Она была очень подавлена.
— Давай отдохнем, — предложил он.
Сухого местечка найти не удалось, он только прислонился к мокрому стволу и положил ее голову себе на плечо. Молнии сверкали в темных кронах, он слегка прижал ее к себе, промокшую, дрожащую, ему показалось, что он слышит стук ее сердца. Дышала она медленно и громко, будто во сне.
— За что они так поступили с нами? — сказала она вдруг. Она все еще была там, переживала ту минуту. Он не знал, что ей ответить.
— Наверно, в отместку за то, что им сделали!
— За что? — набросилась она на него. — Да они никогда еще так не жили, как сейчас.
А про себя она, наверно, уже перечисляла: новые дома, дороги, электричество, бесплатное медицинское обслуживание.
— Ты рассуждаешь, как барыня, — сказал он. — Та даст слуге новое платье, а потом обижается, если вдруг заметит, что у него есть еще и гордость.
— Ты еще будешь заступаться за них! — воскликнула она.
Дождь утихал, вокруг совсем стемнело, он знал, что повсюду здесь болота и в них нетрудно застрять, но не стоять же им здесь всю ночь! Он выломал длинную палку и тыкал ею, как слепой. Конечно, сделано для людей уже немало. Как никогда в прошлом. Откуда же тогда эта ненависть? Слишком много ненависти!
А ведь люди так хотели жить без нее.
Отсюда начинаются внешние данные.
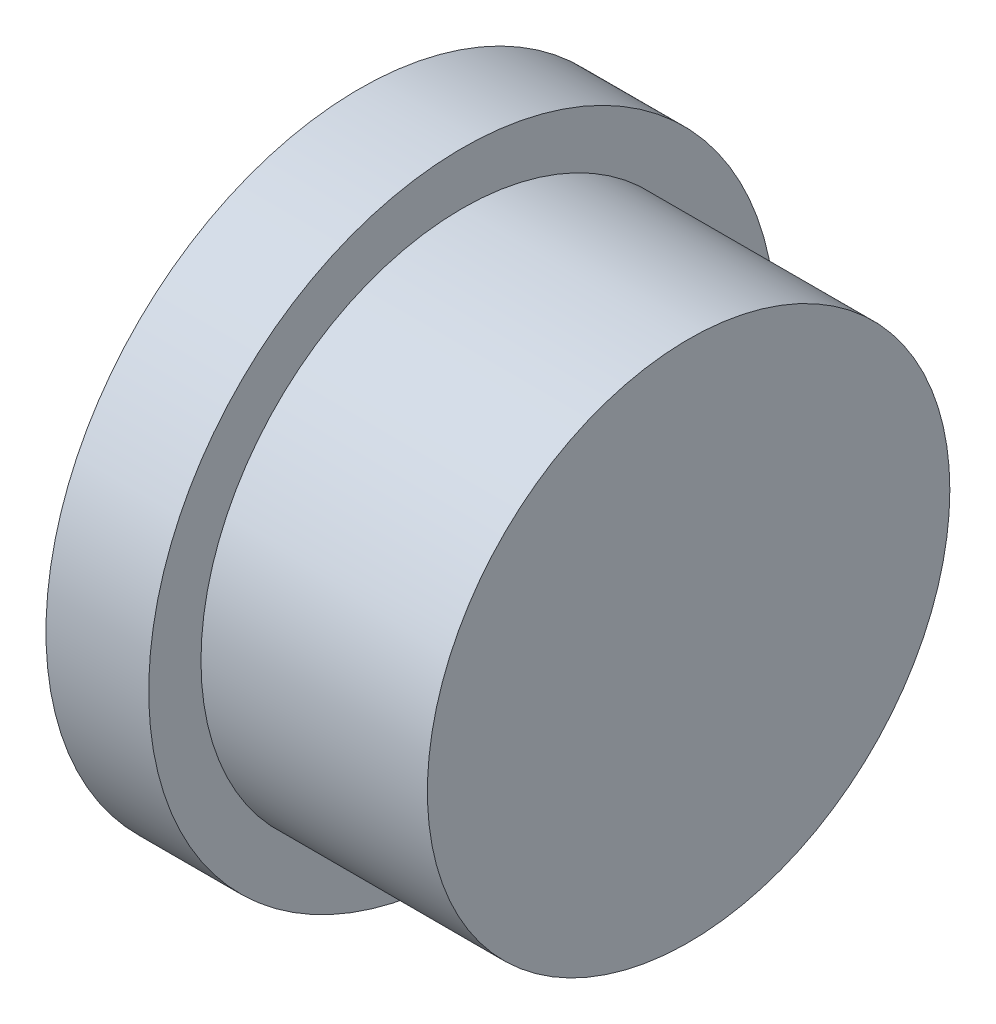
ISO-10303-21;
HEADER;
FILE_DESCRIPTION(('STEP AP214'),'2;1');
FILE_NAME('part.step','',(''),(''),'','','');
FILE_SCHEMA(('AUTOMOTIVE_DESIGN { 1 0 10303 214 1 1 1 1 }'));
ENDSEC;
DATA;
#1=APPLICATION_CONTEXT('core data for automotive mechanical design processes');
#2=APPLICATION_PROTOCOL_DEFINITION('international standard','automotive_design',2000,#1);
#3=PRODUCT_CONTEXT('',#1,'mechanical');
#4=PRODUCT('Part','Part','',(#3));
#5=PRODUCT_RELATED_PRODUCT_CATEGORY('part','',(#4));
#6=PRODUCT_DEFINITION_FORMATION('','',#4);
#7=PRODUCT_DEFINITION_CONTEXT('part definition',#1,'design');
#8=PRODUCT_DEFINITION('design','',#6,#7);
#9=PRODUCT_DEFINITION_SHAPE('','',#8);
#10=(LENGTH_UNIT() NAMED_UNIT(*) SI_UNIT(.MILLI.,.METRE.));
#11=(NAMED_UNIT(*) PLANE_ANGLE_UNIT() SI_UNIT($,.RADIAN.));
#12=(NAMED_UNIT(*) SI_UNIT($,.STERADIAN.) SOLID_ANGLE_UNIT());
#13=UNCERTAINTY_MEASURE_WITH_UNIT(LENGTH_MEASURE(1.E-05),#10,'distance_accuracy_value','');
#14=(GEOMETRIC_REPRESENTATION_CONTEXT(3) GLOBAL_UNCERTAINTY_ASSIGNED_CONTEXT((#13)) GLOBAL_UNIT_ASSIGNED_CONTEXT((#10,
#11,#12)) REPRESENTATION_CONTEXT('',''));
#15=CARTESIAN_POINT('',(0.,0.,0.));
#16=DIRECTION('',(0.,0.,1.));
#17=DIRECTION('',(1.,0.,0.));
#18=AXIS2_PLACEMENT_3D('',#15,#16,#17);
#19=CARTESIAN_POINT('',(22.2992133415162,4.38962310495809,-8.29136190635743));
#20=DIRECTION('',(-1.,0.,0.));
#21=DIRECTION('',(0.,0.,1.));
#22=AXIS2_PLACEMENT_3D('',#19,#20,#21);
#23=PLANE('',#22);
#24=CARTESIAN_POINT('',(22.2992133415162,4.38962310495809,-8.29136190635743));
#25=DIRECTION('',(-1.,0.,0.));
#26=DIRECTION('',(0.,0.,1.));
#27=AXIS2_PLACEMENT_3D('',#24,#25,#26);
#28=CIRCLE('',#27,13.5);
#29=CARTESIAN_POINT('',(22.2992133415162,4.38962310495809,-21.7913619063574));
#30=VERTEX_POINT('',#29);
#31=EDGE_CURVE('E55',#30,#30,#28,.T.);
#32=ORIENTED_EDGE('',*,*,#31,.F.);
#33=EDGE_LOOP('',(#32));
#34=FACE_BOUND('',#33,.T.);
#35=CARTESIAN_POINT('',(22.2992133415162,4.38962310495809,-8.29136190635743));
#36=DIRECTION('',(-1.,0.,0.));
#37=DIRECTION('',(0.,0.,1.));
#38=AXIS2_PLACEMENT_3D('',#35,#36,#37);
#39=CIRCLE('',#38,16.075);
#40=CARTESIAN_POINT('',(22.2992133415162,4.38962310495809,7.78363809364256));
#41=VERTEX_POINT('',#40);
#42=EDGE_CURVE('E62',#41,#41,#39,.T.);
#43=ORIENTED_EDGE('',*,*,#42,.T.);
#44=EDGE_LOOP('',(#43));
#45=FACE_BOUND('',#44,.T.);
#46=ADVANCED_FACE('F32',(#34,#45),#23,.T.);
#47=CARTESIAN_POINT('',(36.1992133415162,4.38962310495809,-8.29136190635743));
#48=DIRECTION('',(1.,0.,0.));
#49=DIRECTION('',(0.,0.,-1.));
#50=AXIS2_PLACEMENT_3D('',#47,#48,#49);
#51=PLANE('',#50);
#52=CARTESIAN_POINT('',(36.1992133415162,4.38962310495809,-8.29136190635743));
#53=DIRECTION('',(1.,0.,0.));
#54=DIRECTION('',(0.,0.,-1.));
#55=AXIS2_PLACEMENT_3D('',#52,#53,#54);
#56=CIRCLE('',#55,2.874);
#57=CARTESIAN_POINT('',(36.1992133415162,4.38962310495809,-11.1653619063574));
#58=VERTEX_POINT('',#57);
#59=EDGE_CURVE('E10',#58,#58,#56,.F.);
#60=ORIENTED_EDGE('',*,*,#59,.F.);
#61=EDGE_LOOP('',(#60));
#62=FACE_BOUND('',#61,.T.);
#63=CARTESIAN_POINT('',(36.1992133415162,4.38962310495809,-8.29136190635743));
#64=DIRECTION('',(1.,0.,0.));
#65=DIRECTION('',(0.,0.,-1.));
#66=AXIS2_PLACEMENT_3D('',#63,#64,#65);
#67=CIRCLE('',#66,13.5);
#68=CARTESIAN_POINT('',(36.1992133415162,4.38962310495809,-21.7913619063574));
#69=VERTEX_POINT('',#68);
#70=EDGE_CURVE('E43',#69,#69,#67,.F.);
#71=ORIENTED_EDGE('',*,*,#70,.T.);
#72=EDGE_LOOP('',(#71));
#73=FACE_BOUND('',#72,.T.);
#74=ADVANCED_FACE('F87',(#62,#73),#51,.F.);
#75=CARTESIAN_POINT('',(24.1992133415162,4.38962310495809,-8.29136190635743));
#76=DIRECTION('',(1.,0.,0.));
#77=DIRECTION('',(0.,0.,-1.));
#78=AXIS2_PLACEMENT_3D('',#75,#76,#77);
#79=CYLINDRICAL_SURFACE('',#78,13.5);
#80=CARTESIAN_POINT('',(36.1992133415162,4.38962310495809,-21.7913619063574));
#81=CARTESIAN_POINT('',(36.0544216748495,4.38962310495809,-21.7913619063574));
#82=CARTESIAN_POINT('',(35.9096300081828,4.38962310495809,-21.7913619063574));
#83=CARTESIAN_POINT('',(35.6200466748495,4.38962310495809,-21.7913619063574));
#84=CARTESIAN_POINT('',(35.4752550081828,4.38962310495809,-21.7913619063574));
#85=CARTESIAN_POINT('',(35.1856716748495,4.38962310495809,-21.7913619063574));
#86=CARTESIAN_POINT('',(35.0408800081828,4.38962310495809,-21.7913619063574));
#87=CARTESIAN_POINT('',(34.7512966748495,4.38962310495809,-21.7913619063574));
#88=CARTESIAN_POINT('',(34.6065050081828,4.38962310495809,-21.7913619063574));
#89=CARTESIAN_POINT('',(34.3169216748495,4.38962310495809,-21.7913619063574));
#90=CARTESIAN_POINT('',(34.1721300081828,4.38962310495809,-21.7913619063574));
#91=CARTESIAN_POINT('',(33.8825466748495,4.38962310495809,-21.7913619063574));
#92=CARTESIAN_POINT('',(33.7377550081828,4.38962310495809,-21.7913619063574));
#93=CARTESIAN_POINT('',(33.4481716748495,4.38962310495809,-21.7913619063574));
#94=CARTESIAN_POINT('',(33.3033800081828,4.38962310495809,-21.7913619063574));
#95=CARTESIAN_POINT('',(33.0137966748495,4.38962310495809,-21.7913619063574));
#96=CARTESIAN_POINT('',(32.8690050081828,4.38962310495809,-21.7913619063574));
#97=CARTESIAN_POINT('',(32.5794216748495,4.38962310495809,-21.7913619063574));
#98=CARTESIAN_POINT('',(32.4346300081828,4.38962310495809,-21.7913619063574));
#99=CARTESIAN_POINT('',(32.1450466748495,4.38962310495809,-21.7913619063574));
#100=CARTESIAN_POINT('',(32.0002550081828,4.38962310495809,-21.7913619063574));
#101=CARTESIAN_POINT('',(31.7106716748495,4.38962310495809,-21.7913619063574));
#102=CARTESIAN_POINT('',(31.5658800081828,4.38962310495809,-21.7913619063574));
#103=CARTESIAN_POINT('',(31.2762966748495,4.38962310495809,-21.7913619063574));
#104=CARTESIAN_POINT('',(31.1315050081828,4.38962310495809,-21.7913619063574));
#105=CARTESIAN_POINT('',(30.8419216748495,4.38962310495809,-21.7913619063574));
#106=CARTESIAN_POINT('',(30.6971300081828,4.38962310495809,-21.7913619063574));
#107=CARTESIAN_POINT('',(30.4075466748495,4.38962310495809,-21.7913619063574));
#108=CARTESIAN_POINT('',(30.2627550081828,4.38962310495809,-21.7913619063574));
#109=CARTESIAN_POINT('',(29.9731716748495,4.38962310495809,-21.7913619063574));
#110=CARTESIAN_POINT('',(29.8283800081828,4.38962310495809,-21.7913619063574));
#111=CARTESIAN_POINT('',(29.5387966748495,4.38962310495809,-21.7913619063574));
#112=CARTESIAN_POINT('',(29.3940050081828,4.38962310495809,-21.7913619063574));
#113=CARTESIAN_POINT('',(29.1044216748495,4.38962310495809,-21.7913619063574));
#114=CARTESIAN_POINT('',(28.9596300081828,4.38962310495809,-21.7913619063574));
#115=CARTESIAN_POINT('',(28.6700466748495,4.38962310495809,-21.7913619063574));
#116=CARTESIAN_POINT('',(28.5252550081828,4.38962310495809,-21.7913619063574));
#117=CARTESIAN_POINT('',(28.2356716748495,4.38962310495809,-21.7913619063574));
#118=CARTESIAN_POINT('',(28.0908800081828,4.38962310495809,-21.7913619063574));
#119=CARTESIAN_POINT('',(27.8012966748495,4.38962310495809,-21.7913619063574));
#120=CARTESIAN_POINT('',(27.6565050081828,4.38962310495809,-21.7913619063574));
#121=CARTESIAN_POINT('',(27.3669216748495,4.38962310495809,-21.7913619063574));
#122=CARTESIAN_POINT('',(27.2221300081828,4.38962310495809,-21.7913619063574));
#123=CARTESIAN_POINT('',(26.9325466748495,4.38962310495809,-21.7913619063574));
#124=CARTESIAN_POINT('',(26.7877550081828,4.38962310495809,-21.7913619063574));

Тогда, в первые послевоенные дни, он стоял на углу, опершись на бетонную колоннаду, а вокруг проплывал потерпевший катастрофу мир — чудовищные плоды ненависти; тогда-то он и решил, что должен найти способ, как навсегда освободить мир от ненависти.
И он взял с этой целью карту, совсем новую и ясную, без пустых белых мест, и отправился по ней в путь, впрочем, он не один пользовался этой картой — как приятно и спокойно было идти по хорошей, безопасной, безошибочной карте со столькими друзьями.
Нельзя сказать, что ему легко жилось, но разве в этом было дело? Он даже чуть гордился этим; собственно, это были лучшие, как говорят, годы его жизни; не с точки зрения возраста, о котором он никогда особенно не раздумывал, а потому, что он сумел выбить из людей глухоту, наполнить их жизнь смыслом, а потому еще, что вдохновился не вызывающим сомнения планом, который превратил все эти годы и каждый их день в крепкое сооружение.